Dataset excerpts
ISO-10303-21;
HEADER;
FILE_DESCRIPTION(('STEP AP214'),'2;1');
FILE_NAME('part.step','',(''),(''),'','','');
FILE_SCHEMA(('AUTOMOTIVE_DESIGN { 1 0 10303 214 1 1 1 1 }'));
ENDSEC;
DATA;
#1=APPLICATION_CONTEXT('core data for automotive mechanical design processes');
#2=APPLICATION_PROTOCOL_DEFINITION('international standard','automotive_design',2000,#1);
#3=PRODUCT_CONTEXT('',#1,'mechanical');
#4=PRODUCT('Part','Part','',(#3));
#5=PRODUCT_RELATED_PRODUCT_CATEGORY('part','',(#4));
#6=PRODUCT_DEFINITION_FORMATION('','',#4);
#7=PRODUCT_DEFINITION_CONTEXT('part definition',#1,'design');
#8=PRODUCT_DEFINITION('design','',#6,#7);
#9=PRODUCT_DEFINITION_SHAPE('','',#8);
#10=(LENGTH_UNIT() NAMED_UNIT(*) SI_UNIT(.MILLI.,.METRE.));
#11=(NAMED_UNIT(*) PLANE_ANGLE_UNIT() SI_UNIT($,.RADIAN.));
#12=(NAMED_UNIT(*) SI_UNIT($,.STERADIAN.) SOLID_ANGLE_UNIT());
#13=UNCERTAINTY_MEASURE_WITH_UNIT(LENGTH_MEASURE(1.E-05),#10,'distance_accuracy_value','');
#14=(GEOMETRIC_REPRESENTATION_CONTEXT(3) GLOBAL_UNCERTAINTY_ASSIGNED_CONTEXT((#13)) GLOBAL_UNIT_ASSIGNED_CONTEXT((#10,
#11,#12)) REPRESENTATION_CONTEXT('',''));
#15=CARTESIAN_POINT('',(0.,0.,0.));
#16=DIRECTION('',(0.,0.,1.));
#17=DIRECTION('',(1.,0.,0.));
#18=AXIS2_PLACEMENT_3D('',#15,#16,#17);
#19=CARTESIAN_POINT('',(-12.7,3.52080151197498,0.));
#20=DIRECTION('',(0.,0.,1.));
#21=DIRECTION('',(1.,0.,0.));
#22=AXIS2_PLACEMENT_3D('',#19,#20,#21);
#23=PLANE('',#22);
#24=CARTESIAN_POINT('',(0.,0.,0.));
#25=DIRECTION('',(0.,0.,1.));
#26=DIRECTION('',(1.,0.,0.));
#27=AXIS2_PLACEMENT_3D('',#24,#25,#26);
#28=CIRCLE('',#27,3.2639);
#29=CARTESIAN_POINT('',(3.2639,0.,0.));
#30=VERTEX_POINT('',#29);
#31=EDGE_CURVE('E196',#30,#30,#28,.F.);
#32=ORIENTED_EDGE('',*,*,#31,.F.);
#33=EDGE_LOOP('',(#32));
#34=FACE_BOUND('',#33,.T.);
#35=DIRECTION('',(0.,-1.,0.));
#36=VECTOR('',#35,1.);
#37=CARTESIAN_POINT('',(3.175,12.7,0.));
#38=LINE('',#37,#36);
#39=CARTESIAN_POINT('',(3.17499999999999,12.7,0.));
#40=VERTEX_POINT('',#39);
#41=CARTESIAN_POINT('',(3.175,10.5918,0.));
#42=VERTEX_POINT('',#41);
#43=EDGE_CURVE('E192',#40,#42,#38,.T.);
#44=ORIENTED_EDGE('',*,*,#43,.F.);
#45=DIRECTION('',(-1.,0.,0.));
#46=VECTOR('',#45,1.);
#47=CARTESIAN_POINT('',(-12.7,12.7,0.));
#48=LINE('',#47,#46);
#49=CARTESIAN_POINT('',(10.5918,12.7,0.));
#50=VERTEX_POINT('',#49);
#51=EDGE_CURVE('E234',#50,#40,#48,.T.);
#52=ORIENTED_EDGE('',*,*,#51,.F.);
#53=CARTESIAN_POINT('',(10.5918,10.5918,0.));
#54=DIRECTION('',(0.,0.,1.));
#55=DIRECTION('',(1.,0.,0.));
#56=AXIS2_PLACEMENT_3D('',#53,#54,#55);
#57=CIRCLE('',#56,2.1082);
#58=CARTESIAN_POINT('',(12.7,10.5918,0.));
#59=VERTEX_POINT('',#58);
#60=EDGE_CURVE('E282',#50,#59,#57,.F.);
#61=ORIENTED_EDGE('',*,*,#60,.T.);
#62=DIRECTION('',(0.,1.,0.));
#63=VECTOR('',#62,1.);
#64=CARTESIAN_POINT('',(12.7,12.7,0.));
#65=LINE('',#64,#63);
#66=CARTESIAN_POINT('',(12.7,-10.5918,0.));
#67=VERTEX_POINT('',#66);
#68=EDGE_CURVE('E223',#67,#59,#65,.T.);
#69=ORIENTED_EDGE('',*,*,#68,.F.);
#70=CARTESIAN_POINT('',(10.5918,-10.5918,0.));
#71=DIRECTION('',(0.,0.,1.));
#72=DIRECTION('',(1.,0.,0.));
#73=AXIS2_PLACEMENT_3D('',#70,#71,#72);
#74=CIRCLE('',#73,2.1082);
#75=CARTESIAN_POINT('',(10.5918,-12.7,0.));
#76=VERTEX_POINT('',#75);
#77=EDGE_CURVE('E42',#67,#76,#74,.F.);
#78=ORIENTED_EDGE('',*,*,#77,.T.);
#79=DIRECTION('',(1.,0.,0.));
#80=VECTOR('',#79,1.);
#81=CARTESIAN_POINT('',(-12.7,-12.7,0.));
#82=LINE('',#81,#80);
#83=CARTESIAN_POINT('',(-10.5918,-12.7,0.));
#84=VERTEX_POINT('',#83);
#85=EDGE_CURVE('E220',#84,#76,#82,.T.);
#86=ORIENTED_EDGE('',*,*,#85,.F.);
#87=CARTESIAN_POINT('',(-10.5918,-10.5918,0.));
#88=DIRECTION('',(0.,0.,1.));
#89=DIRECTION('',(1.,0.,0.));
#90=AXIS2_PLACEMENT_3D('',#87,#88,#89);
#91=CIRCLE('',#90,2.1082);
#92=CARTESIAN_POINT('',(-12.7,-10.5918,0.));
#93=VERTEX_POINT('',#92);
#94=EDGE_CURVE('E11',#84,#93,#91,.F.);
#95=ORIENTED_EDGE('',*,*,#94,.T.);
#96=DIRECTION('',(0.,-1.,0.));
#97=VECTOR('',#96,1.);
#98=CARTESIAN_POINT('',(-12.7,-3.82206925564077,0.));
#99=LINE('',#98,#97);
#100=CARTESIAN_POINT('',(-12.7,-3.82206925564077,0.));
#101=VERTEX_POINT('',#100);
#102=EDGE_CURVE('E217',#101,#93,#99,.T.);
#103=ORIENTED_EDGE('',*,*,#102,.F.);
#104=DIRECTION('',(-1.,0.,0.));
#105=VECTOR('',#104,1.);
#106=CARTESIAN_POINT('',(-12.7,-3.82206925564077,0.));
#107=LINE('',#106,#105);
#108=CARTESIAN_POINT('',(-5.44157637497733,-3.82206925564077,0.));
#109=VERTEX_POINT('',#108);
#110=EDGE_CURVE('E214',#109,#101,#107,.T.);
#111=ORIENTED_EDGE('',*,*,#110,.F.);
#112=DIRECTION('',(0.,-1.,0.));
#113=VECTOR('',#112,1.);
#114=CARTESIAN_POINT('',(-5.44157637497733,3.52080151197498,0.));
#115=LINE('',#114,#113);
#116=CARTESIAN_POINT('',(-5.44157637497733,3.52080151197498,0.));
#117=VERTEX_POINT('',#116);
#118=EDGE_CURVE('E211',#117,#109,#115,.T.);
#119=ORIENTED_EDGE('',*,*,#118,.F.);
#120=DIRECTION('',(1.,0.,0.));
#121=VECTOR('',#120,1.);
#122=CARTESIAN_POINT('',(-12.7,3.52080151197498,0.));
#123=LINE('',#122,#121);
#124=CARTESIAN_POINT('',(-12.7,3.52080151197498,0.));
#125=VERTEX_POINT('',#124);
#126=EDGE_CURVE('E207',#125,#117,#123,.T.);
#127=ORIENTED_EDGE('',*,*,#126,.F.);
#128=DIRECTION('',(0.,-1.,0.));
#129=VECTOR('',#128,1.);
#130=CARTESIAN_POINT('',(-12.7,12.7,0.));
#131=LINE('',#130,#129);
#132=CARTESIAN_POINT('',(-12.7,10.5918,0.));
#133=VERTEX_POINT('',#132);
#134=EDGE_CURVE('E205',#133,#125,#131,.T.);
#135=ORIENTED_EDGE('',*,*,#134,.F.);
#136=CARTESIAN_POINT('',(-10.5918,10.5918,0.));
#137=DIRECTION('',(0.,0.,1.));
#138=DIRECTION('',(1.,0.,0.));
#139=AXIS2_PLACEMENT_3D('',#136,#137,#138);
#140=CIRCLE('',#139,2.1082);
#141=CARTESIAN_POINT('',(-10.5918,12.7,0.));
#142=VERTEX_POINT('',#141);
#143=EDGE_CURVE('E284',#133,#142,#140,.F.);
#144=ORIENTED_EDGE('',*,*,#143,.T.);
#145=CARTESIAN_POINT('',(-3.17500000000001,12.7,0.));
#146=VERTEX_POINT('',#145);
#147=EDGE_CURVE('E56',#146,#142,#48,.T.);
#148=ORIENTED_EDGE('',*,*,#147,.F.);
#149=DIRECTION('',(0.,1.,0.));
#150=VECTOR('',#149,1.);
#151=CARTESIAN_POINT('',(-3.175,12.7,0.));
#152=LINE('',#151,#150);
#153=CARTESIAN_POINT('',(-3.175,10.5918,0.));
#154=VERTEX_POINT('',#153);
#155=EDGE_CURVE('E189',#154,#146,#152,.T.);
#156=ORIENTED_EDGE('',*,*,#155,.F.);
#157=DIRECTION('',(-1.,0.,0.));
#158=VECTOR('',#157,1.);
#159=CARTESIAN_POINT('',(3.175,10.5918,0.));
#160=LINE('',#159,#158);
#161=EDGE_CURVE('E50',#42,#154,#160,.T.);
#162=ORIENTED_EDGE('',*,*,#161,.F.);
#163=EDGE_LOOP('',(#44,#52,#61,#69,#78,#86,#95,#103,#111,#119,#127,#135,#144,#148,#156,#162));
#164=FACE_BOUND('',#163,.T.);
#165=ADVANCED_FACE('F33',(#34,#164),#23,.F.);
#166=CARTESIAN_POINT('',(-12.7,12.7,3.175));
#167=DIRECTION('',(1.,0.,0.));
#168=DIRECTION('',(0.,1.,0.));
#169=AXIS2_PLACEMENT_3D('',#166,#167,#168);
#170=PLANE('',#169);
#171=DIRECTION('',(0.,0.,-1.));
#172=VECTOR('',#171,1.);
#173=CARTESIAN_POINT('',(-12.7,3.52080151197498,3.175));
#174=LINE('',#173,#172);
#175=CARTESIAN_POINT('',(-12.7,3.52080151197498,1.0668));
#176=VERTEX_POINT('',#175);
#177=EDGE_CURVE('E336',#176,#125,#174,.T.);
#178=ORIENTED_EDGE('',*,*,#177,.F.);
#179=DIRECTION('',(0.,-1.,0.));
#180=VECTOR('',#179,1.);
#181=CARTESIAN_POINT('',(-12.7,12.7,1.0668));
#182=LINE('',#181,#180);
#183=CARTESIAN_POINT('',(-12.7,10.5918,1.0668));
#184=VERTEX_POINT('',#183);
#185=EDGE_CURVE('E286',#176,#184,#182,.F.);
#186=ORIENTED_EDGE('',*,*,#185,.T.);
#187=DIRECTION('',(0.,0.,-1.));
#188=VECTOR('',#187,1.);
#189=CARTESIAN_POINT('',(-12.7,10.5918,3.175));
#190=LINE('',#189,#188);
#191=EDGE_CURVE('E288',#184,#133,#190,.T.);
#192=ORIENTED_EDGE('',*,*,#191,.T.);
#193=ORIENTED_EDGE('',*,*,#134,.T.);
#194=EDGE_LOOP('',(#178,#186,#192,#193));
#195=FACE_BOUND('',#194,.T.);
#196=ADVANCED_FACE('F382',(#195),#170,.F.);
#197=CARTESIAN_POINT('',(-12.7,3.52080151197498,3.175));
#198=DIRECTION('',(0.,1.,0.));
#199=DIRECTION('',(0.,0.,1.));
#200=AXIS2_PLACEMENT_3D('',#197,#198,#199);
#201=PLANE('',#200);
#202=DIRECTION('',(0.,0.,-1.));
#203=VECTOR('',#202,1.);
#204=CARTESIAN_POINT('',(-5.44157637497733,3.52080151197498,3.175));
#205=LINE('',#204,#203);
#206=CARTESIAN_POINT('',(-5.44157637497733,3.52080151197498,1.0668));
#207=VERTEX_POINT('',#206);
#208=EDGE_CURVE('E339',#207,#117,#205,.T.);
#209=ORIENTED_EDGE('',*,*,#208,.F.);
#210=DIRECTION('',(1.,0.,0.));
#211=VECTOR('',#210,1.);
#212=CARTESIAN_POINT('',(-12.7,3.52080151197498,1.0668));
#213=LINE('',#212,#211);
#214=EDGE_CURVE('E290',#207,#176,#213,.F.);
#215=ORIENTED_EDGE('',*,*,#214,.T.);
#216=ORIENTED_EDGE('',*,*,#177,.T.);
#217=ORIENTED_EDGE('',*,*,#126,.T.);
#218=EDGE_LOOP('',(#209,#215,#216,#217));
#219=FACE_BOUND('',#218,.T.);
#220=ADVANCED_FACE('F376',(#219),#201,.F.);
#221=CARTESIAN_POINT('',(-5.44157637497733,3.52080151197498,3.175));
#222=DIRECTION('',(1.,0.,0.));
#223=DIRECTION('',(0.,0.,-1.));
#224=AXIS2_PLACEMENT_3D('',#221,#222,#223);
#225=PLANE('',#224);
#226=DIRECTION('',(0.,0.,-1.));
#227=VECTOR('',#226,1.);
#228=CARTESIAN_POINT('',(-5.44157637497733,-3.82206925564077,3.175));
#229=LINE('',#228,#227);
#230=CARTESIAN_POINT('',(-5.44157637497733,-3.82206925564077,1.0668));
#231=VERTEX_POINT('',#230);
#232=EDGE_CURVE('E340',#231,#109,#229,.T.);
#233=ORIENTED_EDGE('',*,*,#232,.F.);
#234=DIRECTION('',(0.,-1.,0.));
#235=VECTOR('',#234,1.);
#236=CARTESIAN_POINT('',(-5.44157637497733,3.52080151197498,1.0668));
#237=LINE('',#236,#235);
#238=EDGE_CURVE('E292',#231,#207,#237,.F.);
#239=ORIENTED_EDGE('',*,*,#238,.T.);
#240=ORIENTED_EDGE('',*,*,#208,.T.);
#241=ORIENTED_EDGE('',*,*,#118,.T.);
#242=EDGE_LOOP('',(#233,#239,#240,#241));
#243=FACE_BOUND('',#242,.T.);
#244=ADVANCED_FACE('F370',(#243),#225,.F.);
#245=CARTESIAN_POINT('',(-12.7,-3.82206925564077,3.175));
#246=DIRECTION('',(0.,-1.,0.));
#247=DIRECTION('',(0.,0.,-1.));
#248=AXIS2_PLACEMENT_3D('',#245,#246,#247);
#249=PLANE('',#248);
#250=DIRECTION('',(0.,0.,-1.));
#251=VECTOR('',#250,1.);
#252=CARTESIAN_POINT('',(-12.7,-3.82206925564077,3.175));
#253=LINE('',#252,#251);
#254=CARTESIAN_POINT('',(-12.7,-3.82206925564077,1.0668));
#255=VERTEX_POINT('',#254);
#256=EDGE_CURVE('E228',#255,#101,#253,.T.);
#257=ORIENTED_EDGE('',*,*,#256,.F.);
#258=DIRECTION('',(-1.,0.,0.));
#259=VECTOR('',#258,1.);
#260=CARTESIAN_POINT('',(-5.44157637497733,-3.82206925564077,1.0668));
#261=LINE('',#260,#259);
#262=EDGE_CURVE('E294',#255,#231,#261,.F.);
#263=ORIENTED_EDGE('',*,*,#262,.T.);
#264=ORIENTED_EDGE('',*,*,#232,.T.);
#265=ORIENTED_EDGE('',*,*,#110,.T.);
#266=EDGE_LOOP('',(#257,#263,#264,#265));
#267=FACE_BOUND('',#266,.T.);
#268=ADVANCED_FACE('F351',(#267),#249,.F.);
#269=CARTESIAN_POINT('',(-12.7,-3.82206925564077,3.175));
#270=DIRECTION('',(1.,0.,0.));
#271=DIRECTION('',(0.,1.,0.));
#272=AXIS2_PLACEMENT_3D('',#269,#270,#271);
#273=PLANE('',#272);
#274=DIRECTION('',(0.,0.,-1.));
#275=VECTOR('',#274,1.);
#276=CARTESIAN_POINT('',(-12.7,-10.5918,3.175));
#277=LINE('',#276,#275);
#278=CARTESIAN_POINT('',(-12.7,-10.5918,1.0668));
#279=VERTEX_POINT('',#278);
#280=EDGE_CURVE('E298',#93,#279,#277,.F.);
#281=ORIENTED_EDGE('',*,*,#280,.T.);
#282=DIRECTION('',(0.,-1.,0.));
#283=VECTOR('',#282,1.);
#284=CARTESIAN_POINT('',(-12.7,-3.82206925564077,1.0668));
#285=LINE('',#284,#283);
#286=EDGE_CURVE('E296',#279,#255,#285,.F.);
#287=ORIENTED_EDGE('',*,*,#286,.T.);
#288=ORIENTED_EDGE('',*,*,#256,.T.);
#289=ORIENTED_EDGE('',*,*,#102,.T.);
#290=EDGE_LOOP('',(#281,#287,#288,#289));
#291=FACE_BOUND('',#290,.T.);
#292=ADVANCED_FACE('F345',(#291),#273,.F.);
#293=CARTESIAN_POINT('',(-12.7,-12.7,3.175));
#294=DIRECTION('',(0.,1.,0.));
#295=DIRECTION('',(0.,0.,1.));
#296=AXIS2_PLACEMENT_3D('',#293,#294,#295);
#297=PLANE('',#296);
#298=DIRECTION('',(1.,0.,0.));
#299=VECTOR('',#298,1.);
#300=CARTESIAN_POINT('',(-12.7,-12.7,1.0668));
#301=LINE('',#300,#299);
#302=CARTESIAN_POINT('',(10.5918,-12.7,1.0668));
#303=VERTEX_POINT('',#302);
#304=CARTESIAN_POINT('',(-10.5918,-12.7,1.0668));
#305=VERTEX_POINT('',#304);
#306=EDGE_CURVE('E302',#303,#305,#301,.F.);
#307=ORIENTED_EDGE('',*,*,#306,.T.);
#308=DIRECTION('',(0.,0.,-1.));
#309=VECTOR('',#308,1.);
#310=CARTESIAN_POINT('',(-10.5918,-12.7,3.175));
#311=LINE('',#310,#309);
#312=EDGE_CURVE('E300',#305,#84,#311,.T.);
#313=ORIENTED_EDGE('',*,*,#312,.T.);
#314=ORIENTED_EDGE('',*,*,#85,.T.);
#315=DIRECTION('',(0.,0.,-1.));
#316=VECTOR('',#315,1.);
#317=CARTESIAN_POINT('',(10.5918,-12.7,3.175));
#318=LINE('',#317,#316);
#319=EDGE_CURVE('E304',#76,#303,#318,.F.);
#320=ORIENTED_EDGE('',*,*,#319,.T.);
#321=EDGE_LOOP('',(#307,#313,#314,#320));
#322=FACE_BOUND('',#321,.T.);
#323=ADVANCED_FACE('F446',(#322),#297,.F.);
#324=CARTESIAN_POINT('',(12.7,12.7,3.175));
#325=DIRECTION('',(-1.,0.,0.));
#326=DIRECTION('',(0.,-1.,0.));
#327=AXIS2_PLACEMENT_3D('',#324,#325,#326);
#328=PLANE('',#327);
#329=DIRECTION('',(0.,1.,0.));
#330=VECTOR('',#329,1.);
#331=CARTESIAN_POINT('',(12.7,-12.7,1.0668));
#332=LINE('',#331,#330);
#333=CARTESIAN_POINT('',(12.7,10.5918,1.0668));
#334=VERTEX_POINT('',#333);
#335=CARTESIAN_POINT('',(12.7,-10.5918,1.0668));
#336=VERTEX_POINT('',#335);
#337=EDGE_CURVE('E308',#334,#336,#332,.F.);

### Goal of the exercise
From the data above, output only the lines between the line containing "#74=CIRCLE('',#73,2.1082);" and the line containing "#115=LINE('',#114,#113);", inclusive, exactly as written.

### Your solution
#74=CIRCLE('',#73,2.1082);
#75=CARTESIAN_POINT('',(10.5918,-12.7,0.));
#76=VERTEX_POINT('',#75);
#77=EDGE_CURVE('E42',#67,#76,#74,.F.);
#78=ORIENTED_EDGE('',*,*,#77,.T.);
#79=DIRECTION('',(1.,0.,0.));
#80=VECTOR('',#79,1.);
#81=CARTESIAN_POINT('',(-12.7,-12.7,0.));
#82=LINE('',#81,#80);
#83=CARTESIAN_POINT('',(-10.5918,-12.7,0.));
#84=VERTEX_POINT('',#83);
#85=EDGE_CURVE('E220',#84,#76,#82,.T.);
#86=ORIENTED_EDGE('',*,*,#85,.F.);
#87=CARTESIAN_POINT('',(-10.5918,-10.5918,0.));
#88=DIRECTION('',(0.,0.,1.));
#89=DIRECTION('',(1.,0.,0.));
#90=AXIS2_PLACEMENT_3D('',#87,#88,#89);
#91=CIRCLE('',#90,2.1082);
#92=CARTESIAN_POINT('',(-12.7,-10.5918,0.));
#93=VERTEX_POINT('',#92);
#94=EDGE_CURVE('E11',#84,#93,#91,.F.);
#95=ORIENTED_EDGE('',*,*,#94,.T.);
#96=DIRECTION('',(0.,-1.,0.));
#97=VECTOR('',#96,1.);
#98=CARTESIAN_POINT('',(-12.7,-3.82206925564077,0.));
#99=LINE('',#98,#97);
#100=CARTESIAN_POINT('',(-12.7,-3.82206925564077,0.));
#101=VERTEX_POINT('',#100);
#102=EDGE_CURVE('E217',#101,#93,#99,.T.);
#103=ORIENTED_EDGE('',*,*,#102,.F.);
#104=DIRECTION('',(-1.,0.,0.));
#105=VECTOR('',#104,1.);
#106=CARTESIAN_POINT('',(-12.7,-3.82206925564077,0.));
#107=LINE('',#106,#105);
#108=CARTESIAN_POINT('',(-5.44157637497733,-3.82206925564077,0.));
#109=VERTEX_POINT('',#108);
#110=EDGE_CURVE('E214',#109,#101,#107,.T.);
#111=ORIENTED_EDGE('',*,*,#110,.F.);
#112=DIRECTION('',(0.,-1.,0.));
#113=VECTOR('',#112,1.);
#114=CARTESIAN_POINT('',(-5.44157637497733,3.52080151197498,0.));
#115=LINE('',#114,#113);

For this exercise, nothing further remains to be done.